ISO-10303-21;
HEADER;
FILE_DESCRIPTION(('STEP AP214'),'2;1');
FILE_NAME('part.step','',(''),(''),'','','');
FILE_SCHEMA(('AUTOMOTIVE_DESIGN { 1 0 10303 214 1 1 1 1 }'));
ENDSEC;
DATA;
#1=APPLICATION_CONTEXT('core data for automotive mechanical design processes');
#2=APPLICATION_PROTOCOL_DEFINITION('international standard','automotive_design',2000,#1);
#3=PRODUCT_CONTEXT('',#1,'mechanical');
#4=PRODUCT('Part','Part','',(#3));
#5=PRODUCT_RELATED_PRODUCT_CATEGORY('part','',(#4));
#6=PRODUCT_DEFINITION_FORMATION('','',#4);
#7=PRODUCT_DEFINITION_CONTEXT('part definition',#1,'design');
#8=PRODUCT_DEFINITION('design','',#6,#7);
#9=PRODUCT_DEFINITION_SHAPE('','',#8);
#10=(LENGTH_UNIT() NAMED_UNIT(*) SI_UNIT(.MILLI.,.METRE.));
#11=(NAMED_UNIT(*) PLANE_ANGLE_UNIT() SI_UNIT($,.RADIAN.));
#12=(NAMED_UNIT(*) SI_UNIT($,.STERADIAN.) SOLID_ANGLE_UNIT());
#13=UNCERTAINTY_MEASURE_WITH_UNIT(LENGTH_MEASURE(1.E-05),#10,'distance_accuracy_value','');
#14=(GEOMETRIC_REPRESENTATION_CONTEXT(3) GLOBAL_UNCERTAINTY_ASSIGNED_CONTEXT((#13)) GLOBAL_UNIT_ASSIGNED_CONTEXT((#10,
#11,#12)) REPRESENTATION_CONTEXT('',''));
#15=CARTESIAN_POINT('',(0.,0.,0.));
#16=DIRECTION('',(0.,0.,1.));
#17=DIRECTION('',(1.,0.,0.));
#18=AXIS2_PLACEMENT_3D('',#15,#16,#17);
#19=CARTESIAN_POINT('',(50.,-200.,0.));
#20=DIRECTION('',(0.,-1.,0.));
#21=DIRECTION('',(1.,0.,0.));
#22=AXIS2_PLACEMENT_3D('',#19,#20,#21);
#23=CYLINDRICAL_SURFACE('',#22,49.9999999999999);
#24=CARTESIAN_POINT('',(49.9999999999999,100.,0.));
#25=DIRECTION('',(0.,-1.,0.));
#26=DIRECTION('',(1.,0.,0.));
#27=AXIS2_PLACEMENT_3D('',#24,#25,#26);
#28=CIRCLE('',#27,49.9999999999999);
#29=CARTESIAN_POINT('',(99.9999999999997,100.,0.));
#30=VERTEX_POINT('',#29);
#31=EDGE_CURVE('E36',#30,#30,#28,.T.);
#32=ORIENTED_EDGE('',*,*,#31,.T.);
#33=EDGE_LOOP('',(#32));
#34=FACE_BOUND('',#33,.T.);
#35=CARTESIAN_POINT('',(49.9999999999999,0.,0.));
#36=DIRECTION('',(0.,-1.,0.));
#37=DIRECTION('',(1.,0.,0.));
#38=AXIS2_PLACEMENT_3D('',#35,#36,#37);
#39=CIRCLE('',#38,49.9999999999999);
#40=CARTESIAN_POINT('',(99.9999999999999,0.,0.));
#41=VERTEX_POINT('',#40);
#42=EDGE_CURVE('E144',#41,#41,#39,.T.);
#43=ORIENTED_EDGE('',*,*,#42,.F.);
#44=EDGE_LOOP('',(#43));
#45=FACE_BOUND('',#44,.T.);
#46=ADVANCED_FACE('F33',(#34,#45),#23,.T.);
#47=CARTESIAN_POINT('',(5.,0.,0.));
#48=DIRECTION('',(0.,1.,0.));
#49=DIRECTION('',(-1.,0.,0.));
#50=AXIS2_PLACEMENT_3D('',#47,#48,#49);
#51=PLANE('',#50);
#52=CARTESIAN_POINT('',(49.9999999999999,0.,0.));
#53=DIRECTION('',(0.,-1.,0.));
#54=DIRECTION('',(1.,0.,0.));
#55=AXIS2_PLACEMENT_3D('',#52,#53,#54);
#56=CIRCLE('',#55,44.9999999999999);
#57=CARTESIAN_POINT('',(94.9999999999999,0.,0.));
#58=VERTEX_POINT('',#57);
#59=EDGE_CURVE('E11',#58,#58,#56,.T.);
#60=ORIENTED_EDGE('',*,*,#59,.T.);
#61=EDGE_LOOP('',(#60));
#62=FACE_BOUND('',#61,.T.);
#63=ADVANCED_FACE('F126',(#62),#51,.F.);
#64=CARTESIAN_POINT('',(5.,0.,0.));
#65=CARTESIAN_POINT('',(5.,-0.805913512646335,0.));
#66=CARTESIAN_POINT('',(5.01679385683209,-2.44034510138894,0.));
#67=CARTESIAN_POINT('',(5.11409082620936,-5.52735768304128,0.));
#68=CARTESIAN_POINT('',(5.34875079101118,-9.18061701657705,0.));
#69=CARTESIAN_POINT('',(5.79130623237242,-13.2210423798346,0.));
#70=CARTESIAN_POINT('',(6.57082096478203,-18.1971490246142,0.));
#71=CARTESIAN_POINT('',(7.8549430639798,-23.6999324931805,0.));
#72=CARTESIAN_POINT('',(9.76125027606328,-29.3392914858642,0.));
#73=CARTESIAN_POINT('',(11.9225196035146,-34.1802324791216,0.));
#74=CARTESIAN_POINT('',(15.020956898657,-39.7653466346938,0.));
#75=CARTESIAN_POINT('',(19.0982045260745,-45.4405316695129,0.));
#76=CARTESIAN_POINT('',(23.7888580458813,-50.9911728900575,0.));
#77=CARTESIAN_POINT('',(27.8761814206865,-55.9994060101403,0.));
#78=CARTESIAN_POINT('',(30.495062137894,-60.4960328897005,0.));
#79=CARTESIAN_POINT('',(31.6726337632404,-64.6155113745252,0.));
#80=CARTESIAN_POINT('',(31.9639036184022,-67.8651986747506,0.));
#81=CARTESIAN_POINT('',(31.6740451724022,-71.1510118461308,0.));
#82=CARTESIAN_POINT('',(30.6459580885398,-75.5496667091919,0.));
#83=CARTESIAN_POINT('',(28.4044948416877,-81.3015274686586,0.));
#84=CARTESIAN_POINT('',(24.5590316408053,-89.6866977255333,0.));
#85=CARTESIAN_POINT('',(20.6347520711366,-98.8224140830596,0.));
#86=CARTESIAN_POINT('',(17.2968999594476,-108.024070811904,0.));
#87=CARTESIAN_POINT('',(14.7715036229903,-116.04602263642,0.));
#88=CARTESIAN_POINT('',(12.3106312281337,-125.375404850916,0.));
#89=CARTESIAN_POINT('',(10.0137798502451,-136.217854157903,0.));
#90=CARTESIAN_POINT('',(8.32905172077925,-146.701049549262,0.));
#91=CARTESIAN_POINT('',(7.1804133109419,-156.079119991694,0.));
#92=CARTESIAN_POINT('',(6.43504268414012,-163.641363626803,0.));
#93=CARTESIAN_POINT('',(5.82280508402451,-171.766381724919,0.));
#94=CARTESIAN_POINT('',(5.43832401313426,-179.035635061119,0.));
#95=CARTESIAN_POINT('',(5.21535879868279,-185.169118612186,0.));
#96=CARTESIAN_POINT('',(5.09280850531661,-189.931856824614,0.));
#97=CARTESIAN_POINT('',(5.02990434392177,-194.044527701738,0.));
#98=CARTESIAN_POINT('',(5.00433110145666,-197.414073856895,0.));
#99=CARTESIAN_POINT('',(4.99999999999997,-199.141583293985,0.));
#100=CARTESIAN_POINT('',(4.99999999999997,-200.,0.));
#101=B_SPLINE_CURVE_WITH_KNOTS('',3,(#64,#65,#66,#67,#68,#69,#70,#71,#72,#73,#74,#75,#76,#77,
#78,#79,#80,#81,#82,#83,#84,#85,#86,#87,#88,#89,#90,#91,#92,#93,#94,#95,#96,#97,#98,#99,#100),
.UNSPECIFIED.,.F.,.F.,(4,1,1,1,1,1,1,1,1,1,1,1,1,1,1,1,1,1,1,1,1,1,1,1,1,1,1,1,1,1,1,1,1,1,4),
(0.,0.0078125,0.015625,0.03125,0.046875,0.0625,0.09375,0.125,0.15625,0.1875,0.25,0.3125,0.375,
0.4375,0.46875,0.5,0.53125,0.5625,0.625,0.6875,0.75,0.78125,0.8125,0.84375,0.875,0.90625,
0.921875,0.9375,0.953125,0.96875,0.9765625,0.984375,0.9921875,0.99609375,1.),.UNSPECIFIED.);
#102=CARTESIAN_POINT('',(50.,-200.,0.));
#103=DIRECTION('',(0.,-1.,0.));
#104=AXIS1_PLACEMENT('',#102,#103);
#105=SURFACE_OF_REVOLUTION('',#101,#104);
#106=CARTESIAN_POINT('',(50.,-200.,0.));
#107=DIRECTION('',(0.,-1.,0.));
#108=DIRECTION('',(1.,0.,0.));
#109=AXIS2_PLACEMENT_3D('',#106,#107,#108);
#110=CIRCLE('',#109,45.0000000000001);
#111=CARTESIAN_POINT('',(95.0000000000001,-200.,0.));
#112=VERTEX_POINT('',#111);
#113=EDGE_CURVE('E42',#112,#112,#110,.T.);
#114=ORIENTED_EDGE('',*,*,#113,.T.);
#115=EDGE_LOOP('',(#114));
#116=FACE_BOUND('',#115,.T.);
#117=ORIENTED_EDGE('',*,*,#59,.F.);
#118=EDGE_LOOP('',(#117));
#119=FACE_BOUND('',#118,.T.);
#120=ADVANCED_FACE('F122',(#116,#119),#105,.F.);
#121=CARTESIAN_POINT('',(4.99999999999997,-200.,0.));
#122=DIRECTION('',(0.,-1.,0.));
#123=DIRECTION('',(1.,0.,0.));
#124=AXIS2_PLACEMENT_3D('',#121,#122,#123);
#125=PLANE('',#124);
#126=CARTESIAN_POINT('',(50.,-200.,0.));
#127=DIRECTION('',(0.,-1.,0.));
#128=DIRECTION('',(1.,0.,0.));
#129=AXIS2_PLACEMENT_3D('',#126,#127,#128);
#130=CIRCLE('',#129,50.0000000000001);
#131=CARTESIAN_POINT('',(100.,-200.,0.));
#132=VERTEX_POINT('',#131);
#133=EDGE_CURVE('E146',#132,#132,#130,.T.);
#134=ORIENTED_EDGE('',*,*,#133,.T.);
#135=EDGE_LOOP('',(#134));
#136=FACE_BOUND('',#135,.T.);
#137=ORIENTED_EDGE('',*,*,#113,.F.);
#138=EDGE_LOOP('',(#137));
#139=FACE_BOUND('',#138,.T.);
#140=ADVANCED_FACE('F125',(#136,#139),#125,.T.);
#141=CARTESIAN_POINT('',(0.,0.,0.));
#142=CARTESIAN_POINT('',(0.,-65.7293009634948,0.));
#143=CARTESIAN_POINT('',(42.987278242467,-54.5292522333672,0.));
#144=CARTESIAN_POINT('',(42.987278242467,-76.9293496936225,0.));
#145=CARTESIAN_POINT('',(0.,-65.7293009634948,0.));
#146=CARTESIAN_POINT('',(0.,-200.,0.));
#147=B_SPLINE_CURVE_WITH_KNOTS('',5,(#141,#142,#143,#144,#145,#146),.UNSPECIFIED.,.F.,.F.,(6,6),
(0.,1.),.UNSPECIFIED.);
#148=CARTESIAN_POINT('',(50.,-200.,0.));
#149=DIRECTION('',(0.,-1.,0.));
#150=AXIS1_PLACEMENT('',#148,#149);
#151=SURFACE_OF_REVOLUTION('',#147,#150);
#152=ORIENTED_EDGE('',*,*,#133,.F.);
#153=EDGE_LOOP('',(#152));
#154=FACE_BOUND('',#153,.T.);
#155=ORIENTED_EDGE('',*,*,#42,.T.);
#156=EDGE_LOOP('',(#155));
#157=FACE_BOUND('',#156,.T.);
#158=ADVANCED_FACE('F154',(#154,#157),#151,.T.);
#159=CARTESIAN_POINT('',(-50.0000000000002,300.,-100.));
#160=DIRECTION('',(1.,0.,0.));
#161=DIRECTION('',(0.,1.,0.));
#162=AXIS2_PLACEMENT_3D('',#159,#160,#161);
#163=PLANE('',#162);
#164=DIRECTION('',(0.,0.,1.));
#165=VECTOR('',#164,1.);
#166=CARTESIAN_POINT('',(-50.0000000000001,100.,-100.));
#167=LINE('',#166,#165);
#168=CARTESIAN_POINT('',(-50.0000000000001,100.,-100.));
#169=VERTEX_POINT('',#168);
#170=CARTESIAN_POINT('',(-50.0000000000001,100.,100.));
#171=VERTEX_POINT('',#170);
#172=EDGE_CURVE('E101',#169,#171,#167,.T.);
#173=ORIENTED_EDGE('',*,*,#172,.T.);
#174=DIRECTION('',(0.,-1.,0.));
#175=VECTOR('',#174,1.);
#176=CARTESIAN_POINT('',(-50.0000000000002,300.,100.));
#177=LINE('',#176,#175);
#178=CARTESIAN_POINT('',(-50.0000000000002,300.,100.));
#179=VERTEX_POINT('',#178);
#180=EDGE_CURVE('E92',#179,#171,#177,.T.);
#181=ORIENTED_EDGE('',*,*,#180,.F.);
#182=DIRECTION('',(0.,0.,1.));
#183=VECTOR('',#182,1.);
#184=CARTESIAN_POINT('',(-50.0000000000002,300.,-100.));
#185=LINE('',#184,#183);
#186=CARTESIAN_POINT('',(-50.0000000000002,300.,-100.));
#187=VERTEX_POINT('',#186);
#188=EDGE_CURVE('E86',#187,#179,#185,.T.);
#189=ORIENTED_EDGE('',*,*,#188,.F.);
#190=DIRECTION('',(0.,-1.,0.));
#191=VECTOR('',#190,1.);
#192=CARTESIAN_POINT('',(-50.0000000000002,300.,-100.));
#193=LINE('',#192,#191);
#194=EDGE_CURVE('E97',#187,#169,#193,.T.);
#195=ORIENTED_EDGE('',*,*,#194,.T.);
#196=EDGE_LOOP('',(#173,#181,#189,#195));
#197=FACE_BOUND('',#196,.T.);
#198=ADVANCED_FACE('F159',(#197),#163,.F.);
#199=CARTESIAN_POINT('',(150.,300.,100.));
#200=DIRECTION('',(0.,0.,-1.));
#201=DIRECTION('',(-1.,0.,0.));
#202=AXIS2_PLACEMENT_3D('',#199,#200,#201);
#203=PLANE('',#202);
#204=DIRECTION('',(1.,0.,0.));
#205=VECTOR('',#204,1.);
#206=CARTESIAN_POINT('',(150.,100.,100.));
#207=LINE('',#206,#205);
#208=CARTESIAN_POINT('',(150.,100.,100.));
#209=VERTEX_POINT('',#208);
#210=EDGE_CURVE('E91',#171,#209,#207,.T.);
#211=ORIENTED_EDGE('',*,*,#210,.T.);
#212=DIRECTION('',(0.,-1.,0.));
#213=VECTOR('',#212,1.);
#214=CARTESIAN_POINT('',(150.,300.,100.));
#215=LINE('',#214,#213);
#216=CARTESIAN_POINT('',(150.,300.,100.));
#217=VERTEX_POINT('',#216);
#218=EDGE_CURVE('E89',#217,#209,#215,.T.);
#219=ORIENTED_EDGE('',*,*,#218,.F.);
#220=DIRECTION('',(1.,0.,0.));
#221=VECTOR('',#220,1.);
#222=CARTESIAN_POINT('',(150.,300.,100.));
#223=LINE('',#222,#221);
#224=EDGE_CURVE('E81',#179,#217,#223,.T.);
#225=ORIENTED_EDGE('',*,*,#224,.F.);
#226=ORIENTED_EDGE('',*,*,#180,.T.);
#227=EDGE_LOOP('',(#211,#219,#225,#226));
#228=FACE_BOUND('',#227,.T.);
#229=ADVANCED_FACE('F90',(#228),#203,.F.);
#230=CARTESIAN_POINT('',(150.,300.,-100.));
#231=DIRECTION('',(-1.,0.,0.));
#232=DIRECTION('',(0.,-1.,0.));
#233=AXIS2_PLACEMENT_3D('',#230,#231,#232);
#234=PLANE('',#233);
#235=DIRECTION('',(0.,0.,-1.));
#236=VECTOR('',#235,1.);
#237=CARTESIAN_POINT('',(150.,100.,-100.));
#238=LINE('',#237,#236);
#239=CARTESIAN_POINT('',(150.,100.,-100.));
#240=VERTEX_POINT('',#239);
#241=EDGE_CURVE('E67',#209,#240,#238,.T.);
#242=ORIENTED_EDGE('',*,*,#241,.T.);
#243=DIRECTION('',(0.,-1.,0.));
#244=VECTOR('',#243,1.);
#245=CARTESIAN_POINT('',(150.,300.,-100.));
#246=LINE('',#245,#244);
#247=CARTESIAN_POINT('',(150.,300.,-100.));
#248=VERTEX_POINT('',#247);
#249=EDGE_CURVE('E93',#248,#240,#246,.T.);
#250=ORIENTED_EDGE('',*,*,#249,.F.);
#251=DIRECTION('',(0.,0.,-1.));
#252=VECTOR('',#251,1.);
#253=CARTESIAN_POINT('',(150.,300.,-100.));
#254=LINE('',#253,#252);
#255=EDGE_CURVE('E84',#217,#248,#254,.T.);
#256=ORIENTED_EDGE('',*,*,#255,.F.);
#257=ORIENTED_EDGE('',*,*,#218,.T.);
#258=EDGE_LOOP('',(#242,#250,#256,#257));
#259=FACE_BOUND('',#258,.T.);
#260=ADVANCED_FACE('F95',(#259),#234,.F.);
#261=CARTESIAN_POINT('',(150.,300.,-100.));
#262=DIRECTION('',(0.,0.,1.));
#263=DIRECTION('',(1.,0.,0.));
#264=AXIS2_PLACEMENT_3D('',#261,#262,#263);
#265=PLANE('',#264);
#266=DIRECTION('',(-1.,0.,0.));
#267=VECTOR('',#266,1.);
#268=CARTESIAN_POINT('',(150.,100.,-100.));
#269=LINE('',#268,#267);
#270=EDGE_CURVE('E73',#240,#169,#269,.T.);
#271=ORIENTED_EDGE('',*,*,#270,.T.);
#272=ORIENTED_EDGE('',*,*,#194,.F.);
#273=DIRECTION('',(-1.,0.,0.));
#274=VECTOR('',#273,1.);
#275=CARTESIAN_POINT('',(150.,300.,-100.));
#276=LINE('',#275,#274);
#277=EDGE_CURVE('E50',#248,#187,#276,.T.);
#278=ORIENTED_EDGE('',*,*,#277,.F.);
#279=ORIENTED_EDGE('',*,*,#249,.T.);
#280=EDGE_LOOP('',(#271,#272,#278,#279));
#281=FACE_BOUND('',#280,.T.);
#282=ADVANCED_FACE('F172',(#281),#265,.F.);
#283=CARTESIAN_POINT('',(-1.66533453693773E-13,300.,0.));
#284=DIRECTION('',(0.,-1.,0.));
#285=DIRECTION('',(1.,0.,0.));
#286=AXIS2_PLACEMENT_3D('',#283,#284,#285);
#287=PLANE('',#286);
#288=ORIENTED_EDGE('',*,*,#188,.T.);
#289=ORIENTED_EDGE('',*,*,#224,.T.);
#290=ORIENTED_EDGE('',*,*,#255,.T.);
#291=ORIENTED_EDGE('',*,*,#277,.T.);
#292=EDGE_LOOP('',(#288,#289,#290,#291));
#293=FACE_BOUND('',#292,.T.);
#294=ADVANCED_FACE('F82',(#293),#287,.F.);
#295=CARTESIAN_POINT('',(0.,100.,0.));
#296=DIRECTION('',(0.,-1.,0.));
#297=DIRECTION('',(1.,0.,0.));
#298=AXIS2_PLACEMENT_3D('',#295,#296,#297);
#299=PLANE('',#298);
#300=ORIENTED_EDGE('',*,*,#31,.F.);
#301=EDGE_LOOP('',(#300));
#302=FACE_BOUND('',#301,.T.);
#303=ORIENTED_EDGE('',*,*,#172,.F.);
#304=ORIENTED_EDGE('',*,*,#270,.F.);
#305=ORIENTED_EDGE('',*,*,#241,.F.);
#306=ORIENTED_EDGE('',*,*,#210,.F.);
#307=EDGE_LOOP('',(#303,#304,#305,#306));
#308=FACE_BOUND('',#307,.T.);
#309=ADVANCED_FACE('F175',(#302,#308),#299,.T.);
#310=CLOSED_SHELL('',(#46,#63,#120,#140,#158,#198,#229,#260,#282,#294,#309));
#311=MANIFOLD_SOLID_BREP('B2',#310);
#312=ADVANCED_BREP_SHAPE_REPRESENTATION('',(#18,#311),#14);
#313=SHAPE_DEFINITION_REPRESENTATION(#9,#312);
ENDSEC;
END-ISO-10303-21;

+ + +

■ **What you need to do**
Those lines of the records that contain the string "VECTOR" should be identified and copied.

■ **Reply**
#165=VECTOR('',#164,1.);
#175=VECTOR('',#174,1.);
#183=VECTOR('',#182,1.);
#191=VECTOR('',#190,1.);
#205=VECTOR('',#204,1.);
#213=VECTOR('',#212,1.);
#221=VECTOR('',#220,1.);
#236=VECTOR('',#235,1.);
#244=VECTOR('',#243,1.);
#252=VECTOR('',#251,1.);
#267=VECTOR('',#266,1.);
#274=VECTOR('',#273,1.);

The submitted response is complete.